= Exercise =
Write out again, exactly as they appear, the lines from the start of the data below through the line with "diameter of A2"; no pictures.

= Dataset content =

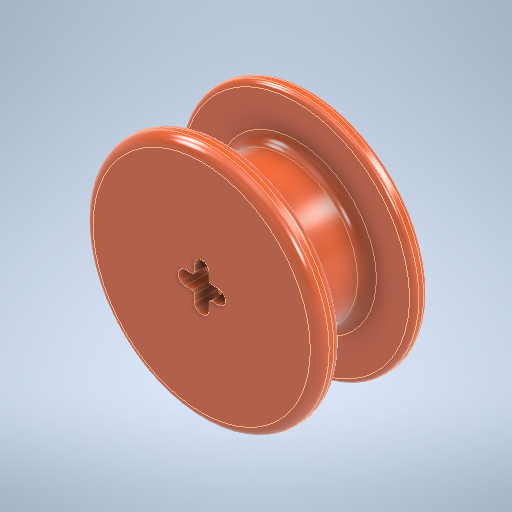
# Autodesk Inventor part: Steering Gear Plate
Saved by Autodesk Inventor 2025.2 (Build 292293000, 293)
## iProperties
Created: 2025-02-06
Part Number: Steering Gear Plate
Material: Generic
Document SubType Name: Modeling
Designer: eason
Density: 1 g/cm^3
Appearance: Smooth - Light Orange
Author: eason
Autodesk Inventor part; units mm, degrees
ref_plane "XZ Plane" through (0, 0, 0) normal (0, 1, 0) x (-1, 0, 0)
sketch "Sketch1" plane through (0, 0, 0) normal (0, 0, 1) x (1, 0, 0)
  circle A0 centre (0, 0) radius 25
  circle A1 centre (0, 0) radius 2
  circle A2 centre (0, 0) radius 5
  circle A3 centre (3.5, 0) radius 1.5
  circle A4 centre (-3.5, 0) radius 1.5
  line L0 (-35, 0) -> (35, 0) projected
  circle A5 centre (0, 3.5) radius 1.5
  circle A6 centre (0, -3.5) radius 1.5
  line L1 (0, -35) -> (0, 35) projected
  line L2 (-1.5, -3.5) -> (-1.5, -2)
  line L3 (-3.5, -1.5) -> (-2, -1.5)
  arc A7 (-1.5, -2) -> (-2, -1.5) centre (-2, -2) ccw
  line L4 (1.5, -3.5) -> (1.5, -2)
  arc A8 (2, -1.5) -> (1.5, -2) centre (2, -2) ccw
  line L5 (3.5, -1.5) -> (2, -1.5)
  line L6 (3.5, 1.5) -> (2, 1.5)
  arc A9 (1.5, 2) -> (2, 1.5) centre (2, 2) ccw
  line L7 (1.5, 3.5) -> (1.5, 2)
  line L8 (-1.5, 3.5) -> (-1.5, 2)
  arc A10 (-2, 1.5) -> (-1.5, 2) centre (-2, 2) ccw
  line L9 (-3.5, 1.5) -> (-2, 1.5)
  point P0 (-5, 0)
  point P1 (-2, 0)
  point P2 (2, 0)
  point P3 (5, 0)
  point P4 (0, -5)
  point P5 (0, -2)
  point P6 (0, 2)
  point P7 (0, 5)
  point P8 (1.5, 3.5)
  point P9 (1.5, -3.5)
  dimension "d0" = 50
  dimension "d2" = 10
  dimension "d60" = 3
  dimension "d61" = 0.5
  dimension "d64" = 360
  constraints: 16 end point, 9 centre point, 8 point on circle, 6 tangent, 4 point on line, 3 coincident, 2 horizontal, 2 vertical, 43 other
  measures "d0" diameter of A0
  measures "d2" diameter of A2
  measures "d60" radial gap between concentric circles of A2 A1
  measures "d61" radius of A7
extrude "Extrusion1" add sketch "Sketch1" along normal blind 5 contours L0 A2 L1 A0 | A0 L1 A2 L0 | L1 A2 L0 A0 | A0 L0 A2 L1 | A3 L6 A9 L7 A5 A2 | A2 A6 L4 A8 L5 A3 | A5 L8 A10 L9 A4 A2 | A2 A4 L3 A7 L2 A6
ref_plane "Work Plane1" through (0, 0, 2.5) normal (0, 0, 1) x (1, 0, 0)
sketch "Sketch9" plane through (0, 0, 0) normal (0, 0, -1) x (-1, 0, 0)
  circle A0 centre (0, 0) radius 15
  circle A1 centre (0, 0) radius 10
  dimension "d75" = 30
  dimension "d76" = 5
  constraints: 2 centre point, 2 coincident
  measures "d75" diameter of A0
  measures "d76" radial gap between concentric circles of A1 A0
extrude "Extrusion9" add sketch "Sketch9" along normal blind 15
sketch "Sketch10" plane through (0, 0, -15) normal (0, 0, -1) x (-1, 0, 0)
  circle A0 centre (0, 0) radius 10 projected
  circle A1 centre (0, 0) radius 25 projected
extrude "Extrusion10" add sketch "Sketch10" along normal blind 3
ref_plane "Work Plane2" through (-15, 0, 0) normal (1, 0, 0) x (0, 1, 0)
sketch "Sketch11" plane through (-15, 0, 0) normal (1, 0, 0) x (0, 1, 0)
  circle A0 centre (0, -7.5) radius 1.5
  line L0 (0, -19) -> (0, 9) projected
  line L1 (25, 0) -> (-25, 0) projected
  point P0 (0, 0)
  dimension "d81" = 3
  dimension "d82" = 7.5
  constraints: 1 centre point, 1 point on line
  measures "d81" diameter of A0
  measures "d82" distance from line of L1 A0.centre
extrude "Extrusion11" cut sketch "Sketch11" along normal up to surface
fillet "Fillet8" radius 2 6 edges at (-25, 0, 5) (-25, 0, 0) (10, 0, 0) (15, 0, 0) (15, 0, -15) (10, 0, -18)
fillet "Fillet9" radius 1 2 edges at (25, 0, -18) (25, 0, -15)
fillet "Fillet10" radius 1 6 edges at (-9.936, 1.1292, -8.4874) (-9.8869, -1.5, -7.5025) (-9.9364, 1.1265, -6.5095) (-14.9248, -1.5, -7.5002) (-14.9576, 1.1271, -6.5102) (-14.9574, 1.1297, -8.4868)
body "Solid1"
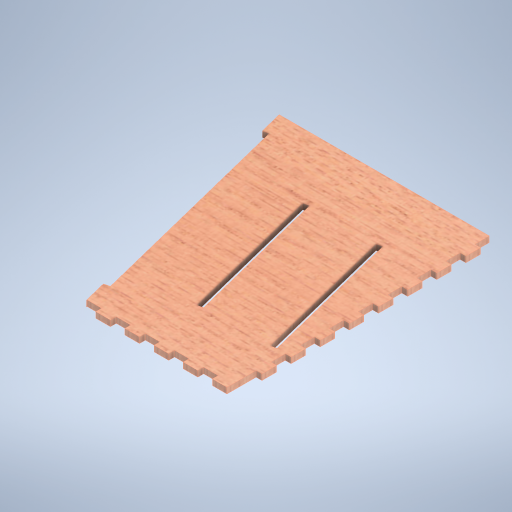
# Autodesk Inventor part: ER_lipo_side_2
Saved by Autodesk Inventor 2023 (Build 270158000, 158)
## iProperties
Created: 2023-03-05
Part Number: ER_lipo_side_2
Material: 木材 (オーク)
Document SubType Name: Modeling
Designer: mkhr7
Density: 0.76 g/cm^3
Appearance: ホワイト オーク材 - ナチュラル 標準の光沢
Author: mkhr7
Autodesk Inventor part; units mm, degrees
ref_plane "YZ Plane" through (0, 0, 0) normal (1, 0, 0) x (0, 1, 0)
ref_plane "XZ Plane" through (0, 0, 0) normal (0, 1, 0) x (-1, 0, 0)
ref_plane "XY Plane" through (0, 0, 0) normal (0, 0, 1) x (1, 0, 0)
sketch "スケッチ1" plane through (0, 0, 0) normal (0, 1, 0) x (-1, 0, 0)
  line L0 (0, 0) -> (100, 0)
  line L1 (100, 0) -> (100, -180)
  line L2 (100, -180) -> (0, -180)
  line L3 (0, -180) -> (0, 0)
  line L4 (0, -170) -> (-4, -170)
  line L5 (-4, -170) -> (-4, -160)
  line L6 (-4, -160) -> (0, -160)
  line L7 (0, -160) -> (0, -170)
  line L8 (-4, -140) -> (0, -140)
  line L9 (-4, -150) -> (-4, -140)
  line L10 (0, -150) -> (-4, -150)
  line L11 (-4, -120) -> (0, -120)
  line L12 (-4, -130) -> (-4, -120)
  line L13 (0, -130) -> (-4, -130)
  line L14 (-4, -100) -> (0, -100)
  line L15 (-4, -110) -> (-4, -100)
  line L16 (0, -110) -> (-4, -110)
  line L17 (-4, -80) -> (0, -80)
  line L18 (-4, -90) -> (-4, -80)
  line L19 (0, -90) -> (-4, -90)
  line L20 (-4, -60) -> (0, -60)
  line L21 (-4, -70) -> (-4, -60)
  line L22 (0, -70) -> (-4, -70)
  line L23 (-4, -40) -> (0, -40)
  line L24 (-4, -50) -> (-4, -40)
  line L25 (0, -50) -> (-4, -50)
  line L26 (-4, -20) -> (0, -20)
  line L27 (-4, -30) -> (-4, -20)
  line L28 (0, -30) -> (-4, -30)
  line L29 (10, 0) -> (20, 0)
  line L30 (20, 0) -> (20, 4)
  line L31 (20, 4) -> (10, 4)
  line L32 (10, 4) -> (10, 0)
  line L33 (30, 4) -> (30, 0)
  line L34 (40, 4) -> (30, 4)
  line L35 (40, 0) -> (40, 4)
  line L36 (50, 4) -> (50, 0)
  line L37 (60, 4) -> (50, 4)
  line L38 (60, 0) -> (60, 4)
  line L39 (70, 4) -> (70, 0)
  line L40 (80, 4) -> (70, 4)
  line L41 (80, 0) -> (80, 4)
  line L42 (45, -180) -> (5, -20)
  line L43 (90.5, -180) -> (50.5, -20)
  line L44 (100, -20) -> (140, -180)
  line L45 (100, -180) -> (140, -180)
  line L46 (100, -3.5076) -> (144.2959, -180.6913)
  line L47 (140, -180) -> (144.1231, -180)
  line L48 (50.5, -20) -> (54.3806, -19.0299)
  line L49 (54.3806, -19.0299) -> (94.6231, -180)
  line L50 (5, -20) -> (1.1194, -20.9701)
  line L51 (1.1194, -20.9701) -> (40.8769, -180)
  line L52 (34.1043, -136.4171) -> (30.2237, -137.3872)
  line L53 (9.8507, -39.4029) -> (5.9701, -40.373)
  line L54 (55.3507, -39.4029) -> (59.2313, -38.4327)
  line L55 (79.6043, -136.4171) -> (83.4848, -135.447)
  line L56 (100, -20) -> (103.8806, -19.0299)
  line L57 (103.8806, -19.0299) -> (140.2609, -164.5512)
  line L58 (140.2609, -164.5512) -> (136.3803, -165.5214)
  line L59 (20, 0) -> (20, -4)
  line L60 (10, -4) -> (10, 0)
  line L61 (30, -4) -> (30, 0)
  line L62 (40, -4) -> (30, -4)
  line L63 (40, 0) -> (40, -4)
  line L64 (50, -4) -> (50, 0)
  line L65 (60, 0) -> (60, -4)
  line L66 (70, -4) -> (70, 0)
  line L67 (80, 0) -> (80, -4)
  line L68 (80, -4) -> (70, -4)
  line L69 (60, -4) -> (50, -4)
  line L70 (20, -4) -> (10, -4)
  line L71 (90, 0) -> (100, 0)
  line L72 (100, 0) -> (100, -4)
  line L73 (100, -4) -> (90, -4)
  line L74 (90, -4) -> (90, 0)
  point P0 (10, 2)
  point P1 (30, 2)
  point P2 (50, 2)
  point P3 (70, 2)
  point P4 (57.291, -38.9178)
  point P5 (0, -20)
  point P6 (0, -40)
  point P7 (0, -60)
  point P8 (0, -80)
  point P9 (0, -100)
  point P10 (0, -120)
  point P11 (0, -140)
  point P12 (0, -160)
  point P13 (50, -2)
  dimension "d0" = 100
  dimension "d1" = 180
  dimension "d2" = 4
  dimension "d3" = 10
  dimension "d4" = 10
  dimension "d7" = 20
  dimension "d12" = 10
  dimension "d13" = 4
  dimension "d14" = 10
  dimension "d17" = 20
  dimension "d22" = 45
  dimension "d23" = 5
  dimension "d24" = 20
  dimension "d26" = 45.5
  dimension "d27" = 45.5
  dimension "d28" = 20
  dimension "d29" = 49.5
  dimension "d30" = 49.5
  dimension "d32" = 4
  dimension "d33" = 4
  dimension "d34" = 4
  dimension "d35" = 20
  dimension "d36" = 100
  dimension "d37" = 20
  dimension "d38" = 100
  dimension "d39" = 150
  dimension "d42" = 10
  dimension "d43" = 4
  dimension "d44" = 10
  constraints: 150 end point, 20 point on line, 12 perpendicular, 10 parallel, 9 symmetric about line, 7 horizontal, 2 collinear, 2 midpoint, 1 vertical, 73 other
  measures "d0" distance of L1.end L2.end
  measures "d1" distance of L0.end L1.end
  measures "d2" distance of L5.end L6.end
  measures "d3" distance of L4.end L5.end
  measures "d4" distance between parallel lines of L2 L4
  measures "d7" distance of L5.end L8.start
  measures "d12" distance of L31.end L30.end
  measures "d13" distance of L30.end L29.end
  measures "d14" distance from line of point (10, 2) L3
  measures "d17" distance of L31.end L33.start
  measures "d22" distance of L42.start L2.end
  measures "d23" distance from line of L3 L42.end
  measures "d24" vertical distance of L0.start L42.end
  measures "d26" distance of L42.start L43.start
  measures "d27" distance of L43.end L42.end
  measures "d28" distance from line of L0 L43.end
  measures "d29" distance of L44.start L43.end
  measures "d30" distance of L44.end L43.start
  measures "d32" distance between parallel lines of L46 L44
  measures "d33" distance of L43.end L48.end
  measures "d34" distance of L42.end L50.end
  measures "d35" distance between parallel lines of L50 L53
  measures "d36" distance between parallel lines of L53 L52
  measures "d37" distance from line of L48 point (57.291, -38.918)
  measures "d38" distance between parallel lines of L55 L54
  measures "d39" distance of L56.end L57.end
  measures "d42" distance of L72.end L73.end
  measures "d43" distance of L71.end L72.end
  measures "d44" distance between parallel lines of L74 L67
extrude "押し出し1" add sketch "スケッチ1" along normal blind 4 contours L0 L60 L70 L59 L61 L62 L63 L64 L69 L65 L66 L68 L67 L74 L73 L1 L2 L49 L48 L43 L42 L50 L51 L3 | L3 L28 L27 L26 | L3 L25 L24 L23 | L3 L22 L21 L20 | L3 L19 L18 L17 | L3 L16 L15 L14 | L46 L56 L1 | L3 L13 L12 L11 | L44 L45 L1 | L46 L47 L44 L58 | L3 L10 L9 L8 | L2 L43 L55 L49 | L3 L4 L5 L6 | L2 L51 L52 L42 | L54 L43 L48 L49 | L53 L51 L50 L42

= Exercise result =
# Autodesk Inventor part: Steering Gear Plate
Saved by Autodesk Inventor 2025.2 (Build 292293000, 293)
## iProperties
Created: 2025-02-06
Part Number: Steering Gear Plate
Material: Generic
Document SubType Name: Modeling
Designer: eason
Density: 1 g/cm^3
Appearance: Smooth - Light Orange
Author: eason
Autodesk Inventor part; units mm, degrees
ref_plane "XZ Plane" through (0, 0, 0) normal (0, 1, 0) x (-1, 0, 0)
sketch "Sketch1" plane through (0, 0, 0) normal (0, 0, 1) x (1, 0, 0)
  circle A0 centre (0, 0) radius 25
  circle A1 centre (0, 0) radius 2
  circle A2 centre (0, 0) radius 5
  circle A3 centre (3.5, 0) radius 1.5
  circle A4 centre (-3.5, 0) radius 1.5
  line L0 (-35, 0) -> (35, 0) projected
  circle A5 centre (0, 3.5) radius 1.5
  circle A6 centre (0, -3.5) radius 1.5
  line L1 (0, -35) -> (0, 35) projected
  line L2 (-1.5, -3.5) -> (-1.5, -2)
  line L3 (-3.5, -1.5) -> (-2, -1.5)
  arc A7 (-1.5, -2) -> (-2, -1.5) centre (-2, -2) ccw
  line L4 (1.5, -3.5) -> (1.5, -2)
  arc A8 (2, -1.5) -> (1.5, -2) centre (2, -2) ccw
  line L5 (3.5, -1.5) -> (2, -1.5)
  line L6 (3.5, 1.5) -> (2, 1.5)
  arc A9 (1.5, 2) -> (2, 1.5) centre (2, 2) ccw
  line L7 (1.5, 3.5) -> (1.5, 2)
  line L8 (-1.5, 3.5) -> (-1.5, 2)
  arc A10 (-2, 1.5) -> (-1.5, 2) centre (-2, 2) ccw
  line L9 (-3.5, 1.5) -> (-2, 1.5)
  point P0 (-5, 0)
  point P1 (-2, 0)
  point P2 (2, 0)
  point P3 (5, 0)
  point P4 (0, -5)
  point P5 (0, -2)
  point P6 (0, 2)
  point P7 (0, 5)
  point P8 (1.5, 3.5)
  point P9 (1.5, -3.5)
  dimension "d0" = 50
  dimension "d2" = 10
  dimension "d60" = 3
  dimension "d61" = 0.5
  dimension "d64" = 360
  constraints: 16 end point, 9 centre point, 8 point on circle, 6 tangent, 4 point on line, 3 coincident, 2 horizontal, 2 vertical, 43 other
  measures "d0" diameter of A0
  measures "d2" diameter of A2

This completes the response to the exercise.